Leidos has an immediate opening for a Data Scientist to contribute to public health projects working within a cross-functional team for the National Center of Immunization and Respiratory Disease (NCIRD) at the Centers for Disease Control and Prevention (CDC).
The Data Scientist would work across the full Data Science lifecycle to onboard and prepare data, model datasets for loading/storing into relational databases, develop data pipelines and ETL processes leveraging R programming and the Azure Cloud stack of services, analyze structured datasets to determine data relationships, and contribute to data visualization projects, working with the team to connect data streams/pipelines to Power BI, Tableau, and R Shiny. The Data Scientist may also contribute to data migration projects from on-premises SQL databases to the Azure SQL Databases or Azure Synapse databases working with the team. This role will work closely and collaboratively with the Leidos Data Science team, CDC staff, and external data partners. This position requires an entrepreneurial mindset and strong communication skills to meet with customers to translate their requirements to working data solutions, while operating within the government’s guidelines and mandates. This role provides the opportunity to work across a number of technologies alongside CDC Public Health experts within an exciting and growing Data Science discipline at the CDC to help solve tomorrow’s public health challenges. This position offers a flexible schedule with “meeting free” Fridays and a remote work location.
- Design, develop, test, and implement fully automated, event-triggered, or scheduled production data pipelines using R programming and/or the Azure stack of tools and services working in a collaborative environment within a cross-functional team.

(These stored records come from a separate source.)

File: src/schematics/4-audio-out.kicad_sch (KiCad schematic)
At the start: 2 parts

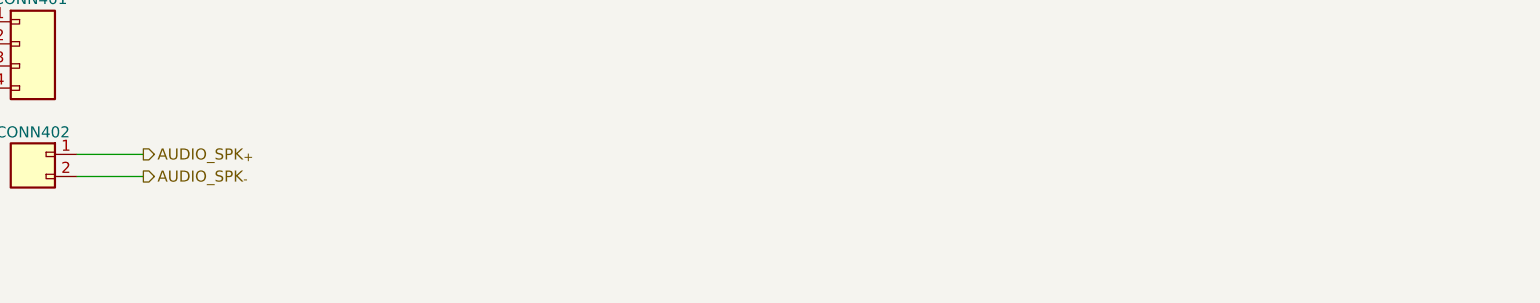
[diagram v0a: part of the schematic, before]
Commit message: Further MCU elaboration and pin mapping.
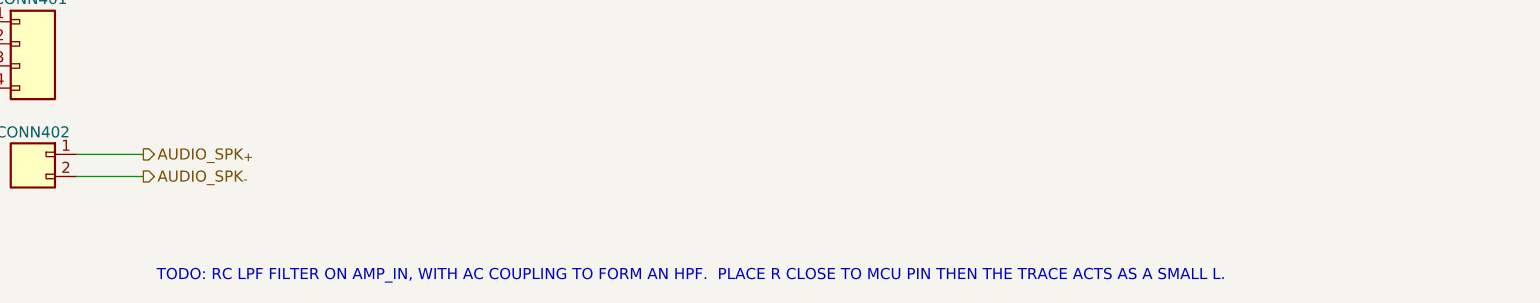
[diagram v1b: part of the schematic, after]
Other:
- note added: "TODO: RC LPF FILTER ON AMP_IN, WITH AC COUPLING TO FORM AN HPF. PLACE R CLOSE TO MCU PIN THEN THE TRACE ACTS AS A SMALL L."
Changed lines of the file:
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@@
     (stroke (width 0) (type default))
+  )
+  (text "TODO: RC LPF FILTER ON AMP_IN, WITH AC COUPLING TO FORM AN HPF.  PLACE R CLOSE TO MCU PIN THEN THE TRACE ACTS AS A SMALL L."
+    (at 115.824 89.662 0)
+    (effects (font (size 1.27 1.27)) (justify left bottom))
   )
   (label "AMP_EN" (at 88.9 64.77 0) (fields_autoplaced)

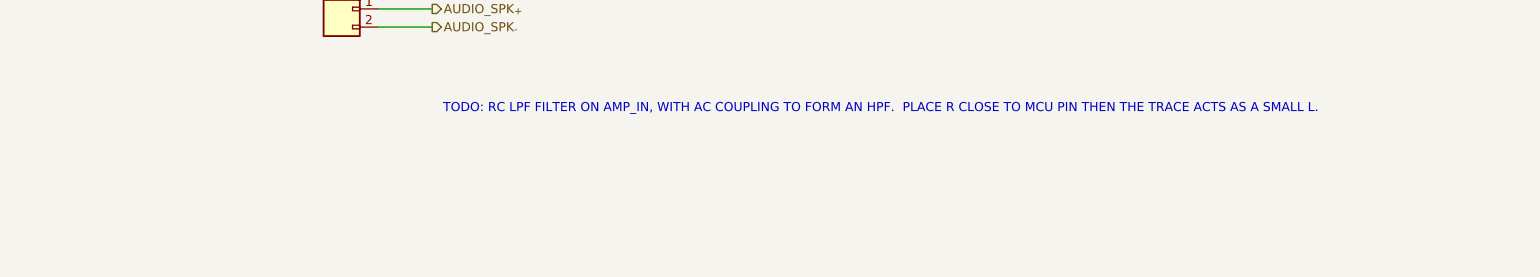
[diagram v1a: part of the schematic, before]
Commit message: Further elaboration of the design and schematics, mainly power supply calculations.
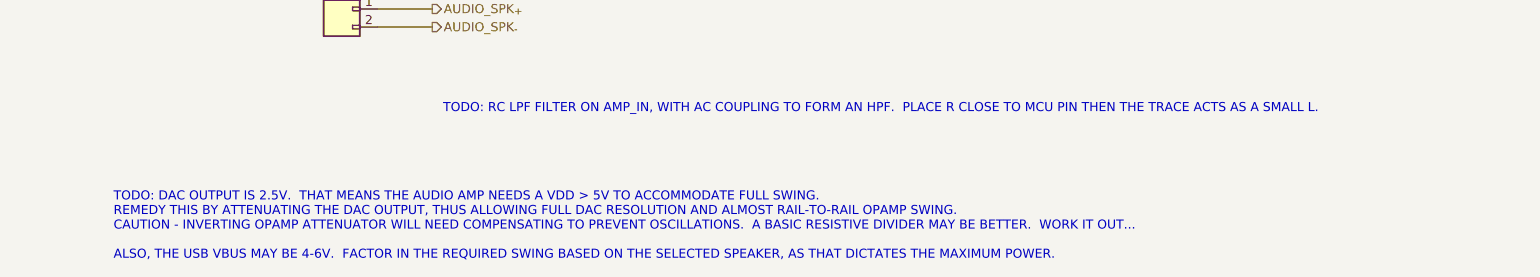
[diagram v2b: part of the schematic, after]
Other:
- note added: "TODO: DAC OUTPUT IS 2.5V. THAT MEANS THE AUDIO AMP NEEDS A VDD > 5V TO ACCOMMODATE FULL SWING. REMEDY THIS BY ATTENUATING THE DAC OUTPUT, THUS ALLOWING FULL DAC RESOLUTION AND ALMOST RAIL-TO-RAIL OPAMP SWING. CAUTION - INVERTING OPAMP ATTENUATOR WILL NEED COMPENSATING TO PREVENT OSCILLATIONS. A BASIC RESISTIVE DIVIDER MAY BE BETTER. WORK IT OUT... ALSO, THE USB VBUS MAY BE 4-6V. FACTOR IN THE REQ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"
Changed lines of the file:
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@@
+    (effects (font (size 1.27 1.27)) (justify left bottom))
+  )
+  (text "TODO: DAC OUTPUT IS 2.5V.  THAT MEANS THE AUDIO AMP NEEDS A VDD > 5V TO ACCOMMODATE FULL SWING.\nREMEDY THIS BY ATTENUATING THE DAC OUTPUT, THUS ALLOWING FULL DAC RESOLUTION AND ALMOST RAIL-TO-RAIL OPAMP SWING.\nCAUTION - INVERTING OPAMP ATTENUATOR WILL NEED COMPENSATING TO PREVENT OSCILLATIONS.  A BASIC RESISTIVE DIVIDER MAY BE BETTER.  WORK IT OUT...\n\nALSO, THE USB VBUS MAY BE 4-6V.  FACTOR IN THE REQUIRED SWING BASED ON THE SELECTED SPEAKER, AS THAT DICTATES THE MAXIMUM POWER."
+    (at 69.596 110.236 0)
     (effects (font (size 1.27 1.27)) (justify left bottom))
   )

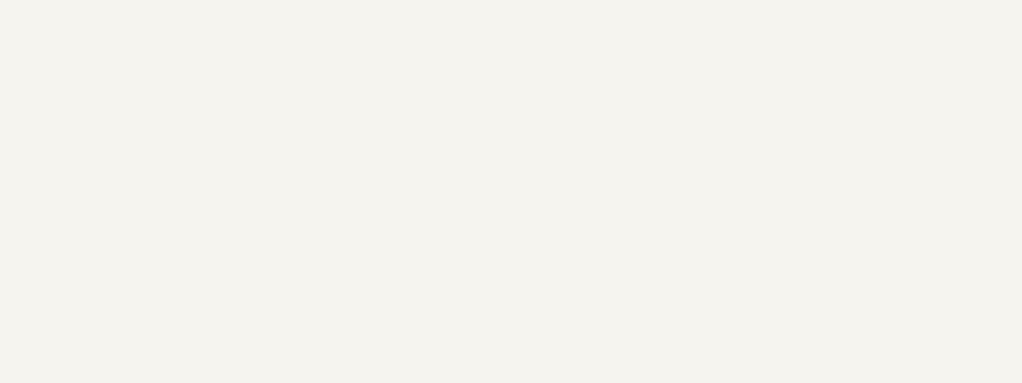
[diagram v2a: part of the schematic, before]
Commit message: Further elaboration of the USB / Power schematic.
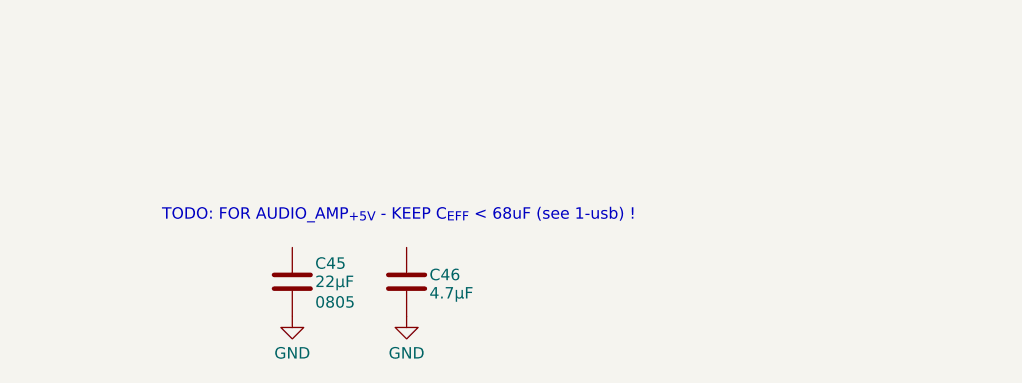
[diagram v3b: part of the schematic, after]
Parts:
- added C45: 22μF, restall-generic-capacitors:unpolarised-nominal-0805-2012, symbol restall-generic-capacitors:capacitor-unpolarised
- added C46: 4.7μF, restall-generic-capacitors:unpolarised-nominal-0402-1005, symbol restall-generic-capacitors:capacitor-unpolarised
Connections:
- new net GND: C45.2, C46.2
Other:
- note added: "TODO: FOR AUDIO_AMP_{+5V} - KEEP C_{EFF} < 68uF (see 1-usb) !"
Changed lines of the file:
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@@
     (stroke (width 0) (type default))
+  )
+  (text "TODO: FOR AUDIO_AMP_{+5V} - KEEP C_{EFF} < 68uF (see 1-usb) !"
+    (at 137.922 149.606 0)
+    (effects (font (size 1.27 1.27)) (justify left bottom))
   )
   (text "TODO: RC LPF FILTER ON AMP_IN, WITH AC COUPLING TO FORM AN HPF.  PLACE R CLOSE TO MCU PIN THEN THE TRACE ACTS AS A SMALL L."
@@
     (effects (font (size 1.27 1.27)) (justify right))
   )
+  (symbol (lib_id "restall-generic-power:GND") (at 165.1 160.02 0) (unit 1)
+    (in_bom yes) (on_board yes) (dnp no) (fields_autoplaced)
+    (property "Reference" "#PWR0100" (at 165.1 166.37 0)
+      (effects (font (size 1.27 1.27)) hide)
+    )
+    (property "Value" "GND" (at 165.1 164.1531 0)
+      (effects (font (size 1.27 1.27)))
+    )
+    (property "Footprint" "" (at 165.1 160.02 0)
+      (effects (font (size 1.27 1.27)) hide)
+    )
+    (property "Datasheet" "" (at 165.1 160.02 0)
+      (effects (font (size 1.27 1.27)) hide)
+    )
+    (pin "1")
+    (instances
+      (project "msf-owl-clock"
+        (path "/56d623d3-22db-4d43-a9d9-e6bb4bb68946/6f5a1439-79e4-455f-9974-b67d6790034b"
+          (reference "#PWR0100") (unit 1)
+        )
+      )
+    )
+  )
   (symbol (lib_id "restall-generic-connectors:header-1x4") (at 101.6 63.5 0) (unit 1)
     (in_bom yes) (on_board yes) (dnp no)
@@
         (path "/56d623d3-22db-4d43-a9d9-e6bb4bb68946/6f5a1439-79e4-455f-9974-b67d6790034b"
           (reference "CONN401") (unit 1)
+        )
+      )
+    )
+  )
+  (symbol (lib_id "restall-generic-power:GND") (at 152.4 160.02 0) (unit 1)
+    (in_bom yes) (on_board yes) (dnp no) (fields_autoplaced)
+    (property "Reference" "#PWR099" (at 152.4 166.37 0)
+      (effects (font (size 1.27 1.27)) hide)
+    )
+    (property "Value" "GND" (at 152.4 164.1531 0)
+      (effects (font (size 1.27 1.27)))
+    )
+    (property "Footprint" "" (at 152.4 160.02 0)
+      (effects (font (size 1.27 1.27)) hide)
+    )
+    (property "Datasheet" "" (at 152.4 160.02 0)
+      (effects (font (size 1.27 1.27)) hide)
+    )
+    (pin "1")
+    (instances
+      (project "msf-owl-clock"
+        (path "/56d623d3-22db-4d43-a9d9-e6bb4bb68946/6f5a1439-79e4-455f-9974-b67d6790034b"
+          (reference "#PWR099") (unit 1)
         )
       )
@@
         )
       )
+    )
+  )
+  (symbol (lib_id "restall-generic-capacitors:capacitor-unpolarised") (at 152.4 156.21 0) (unit 1)
+    (in_bom yes) (on_board yes) (dnp no)
+    (property "Reference" "C45" (at 154.94 154.178 0)
+      (effects (font (size 1.27 1.27)) (justify left))
+    )
+    (property "Value" "22μF" (at 154.94 156.21 0)
+      (effects (font (size 1.27 1.27)) (justify left))
+    )
+    (property "Footprint" "restall-generic-capacitors:unpolarised-nominal-0805-2012" (at 155.702 169.926 0)
+      (effects (font (size 1.27 1.27)) (justify left) hide)
+    )
+    (property "Datasheet" "https://product.samsungsem.com/mlcc/CL21A226MPQNNN.do" (at 152.4 156.21 0)
+      (effects (font (size 1.27 1.27)) (justify left) hide)
+    )
+    (property "Label" "22μF±20% 10V X5R" (at 155.702 157.734 0)
+      (effects (font (size 1.27 1.27)) (justify left) hide)
+    )
+    (property "Tolerance" "±20%" (at 155.702 159.766 0)
+      (effects (font (size 1.27 1.27)) (justify left) hide)
+    )
+    (property "VoltageRating" "10V" (at 155.702 161.798 0)
+      (effects (font (size 1.27 1.27)) (justify left) hide)
+    )
+    (property "TemperatureCoefficient" "X5R" (at 155.702 163.83 0)
+      (effects (font (size 1.27 1.27)) (justify left) hide)
+    )
+    (property "Dielectric" "MLCC" (at 155.702 165.862 0)
+      (effects (font (size 1.27 1.27)) (justify left) hide)
+    )
+    (property "Package" "0805" (at 154.94 158.496 0)
+      (effects (font (size 1.27 1.27)) (justify left))
+    )
+    (property "Manufacturer" "Samsung" (at 152.4 156.21 0)
+      (effects (font (size 1.27 1.27)) (justify left) hide)
+    )
+    (property "ManufacturerPartNumber" "CL21A226MPQNNN" (at 152.4 156.21 0)
+      (effects (font (size 1.27 1.27)) (justify left) hide)
+    )
+    (property "Manufacturer2" "" (at 152.4 156.21 0)
+      (effects (font (size 1.27 1.27)) (justify left) hide)
+    )
+    (property "Manufacturer2PartNumber" "" (at 152.4 156.21 0)
+      (effects (font (size 1.27 1.27)) (justify left) hide)
+    )
+    (pin "1")
+    (pin "2")
+    (instances
+      (project "msf-owl-clock"
+        (path "/56d623d3-22db-4d43-a9d9-e6bb4bb68946/6f5a1439-79e4-455f-9974-b67d6790034b"
+          (reference "C45") (unit 1)
+        )
+      )
+    )
+  )
+  (symbol (lib_id "restall-generic-capacitors:capacitor-unpolarised") (at 165.1 156.21 0) (unit 1)
+    (in_bom yes) (on_board yes) (dnp no)
+    (property "Reference" "C46" (at 167.64 155.448 0)
+      (effects (font (size 1.27 1.27)) (justify left))
+    )
+    (property "Value" "4.7μF" (at 167.64 157.48 0)
+      (effects (font (size 1.27 1.27)) (justify left))
+    )
+    (property "Footprint" "restall-generic-capacitors:unpolarised-nominal-0402-1005" (at 168.402 169.926 0)
+      (effects (font (size 1.27 1.27)) (justify left) hide)
+    )
+    (property "Datasheet" "" (at 165.1 156.21 0)
+      (effects (font (size 1.27 1.27)) (justify left) hide)
+    )
+    (property "Label" "4.7μF±20% 10V X5R" (at 168.402 157.734 0)
+      (effects (font (size 1.27 1.27)) (justify left) hide)
+    )
+    (property "Tolerance" "±20%" (at 168.402 159.766 0)
+      (effects (font (size 1.27 1.27)) (justify left) hide)
+    )
+    (property "VoltageRating" "10V" (at 167.64 157.48 0)
+      (effects (font (size 1.27 1.27)) (justify left) hide)
+    )
+    (property "TemperatureCoefficient" "X5R" (at 168.402 163.83 0)
+      (effects (font (size 1.27 1.27)) (justify left) hide)
+    )
+    (property "Dielectric" "MLCC" (at 168.402 165.862 0)
+      (effects (font (size 1.27 1.27)) (justify left) hide)
+    )
+    (property "Package" "0402" (at 167.64 158.242 0)
+      (effects (font (size 1.27 1.27)) (justify left) hide)
+    )
+    (property "Manufacturer" "Samsung" (at 165.1 156.21 0)
+      (effects (font (size 1.27 1.27)) (justify left) hide)
+    )
+    (property "ManufacturerPartNumber" "" (at 165.1 156.21 0)
+      (effects (font (size 1.27 1.27)) (justify left) hide)
+    )
+    (property "Manufacturer2" "" (at 165.1 156.21 0)
+      (effects (font (size 1.27 1.27)) (justify left) hide)
+    )
+    (property "Manufacturer2PartNumber" "" (at 165.1 156.21 0)
+      (effects (font (size 1.27 1.27)) (justify left) hide)
+    )
+    (pin "1")
+    (pin "2")
+    (instances
+      (project "msf-owl-clock"
+        (path "/56d623d3-22db-4d43-a9d9-e6bb4bb68946/6f5a1439-79e4-455f-9974-b67d6790034b"
+          (reference "C46") (unit 1)
+        )
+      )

- Writes, tests, and implements R code for cleaning, wrangling, manipulating, and transforming data to prepare it for downstream storage processing such as insertion/updating of databases and for downstream analytical processing, including statistical computation, visualization, and standardized reporting.
- Develops data visualizations for public facing Power BI dashboards.
- Independently meets and clearly communicates with CDC subject-matter experts, CDC technical staff, and fellow NCIRD Data Science Team members to extract project requirements, translate them into technical implementation plans, and to develop solutions to meet the requirements.
- Creates generalized functions and incorporates them into an R package maintained by the team to perform common data tasks.
- Attend team planning meetings, backlog refinement, daily stand-ups, and customer demos.
- Bachelor's Degree in Statistics, Biostatistics, Data Science, Analytics, Mathematics, Computer Science or Computer engineering, Computer or Management Information Systems, (or similar scientific degree), and 3+ years of experience designing, developing, and implementing data pipelines or analytical processes using R Studio and/or MS Azure.
- High proficiency in R programming performing data cleaning, data wrangling, manipulation, and transformation to prepare data for visualization and analysis.
- Expertise in writing R functions and in developing and maintaining in-house R packages.
- Expertise in R packages, especially dplyr, tidyverse, Shiny, plotly, knitr, and ggplot2.
- Skilled in developing dynamic documents, slide decks, and other deliverables using R Markdown.
- Skilled in computing various statistics using statistical methods to extract meaning from data.
- Experience merging and integrating disparate datasets and outputting to various target destination databases or systems.
- Experience using Application Programming Interfaces (APIs) to retrieve data or submit requests to online data systems.
- Experience with Power BI and R Shiny Dashboards.
- Knowledge and interest in Statistics, Machine Learning, and/or AI techniques.
- Ability to multi-task based on the project priorities and deliver the solutions on-time with excellent quality.
- Familiarity with Azure DevOps (or GitHub) as a version control code repository as well as a project management tracking system.
- Understanding of the enterprise data architecture and data quality controls.
- Team player who thrives in a dynamic and sometimes fast-paced environment.
- Write technical documentation and create system architecture diagrams.
- Knowledge of Agile Development methodologies and the Software Development Lifecycle (SDLC).
- University coursework in R, Statistical Computing, and/or Database Design and Administration.
- Previous experience working in the Public Health domain.
- Programming experience in Python, SAS, SUDAAN.
- Familiarity with database stored procedures, tables, views, triggers, and queries.
- Experience using data management software and utilities such as Stat-Transfer, DBMS Copy.
- Experience with the O365 Application Power Automate.
- Work experience with Azure Data Factory, SQL Server, or other Azure Databases.
- Hands on experience migrating data pipelines from on-premises into Azure cloud environments.
- Any of the following relevant certifications: Azure Data Engineer Certification, Azure Solution Architect, Microsoft Certified Solutions Associate, Solutions Expert or Database Administrator.
- Experience using MS SQL Server Management Studio to write SQL and T-SQL Code for interacting with project databases.
Ability to obtain NACI Clearance is required.
Pay Range $60,450.00 – $93,000.00 – $125,550.00
The Leidos pay range for this job level is a general guideline only and not a guarantee of compensation or salary. Additional factors considered in extending an offer include (but are not limited to) responsibilities of the job, education, experience, knowledge, skills, and abilities, as well as internal equity, alignment with market data, applicable bargaining agreement (if any), or other law.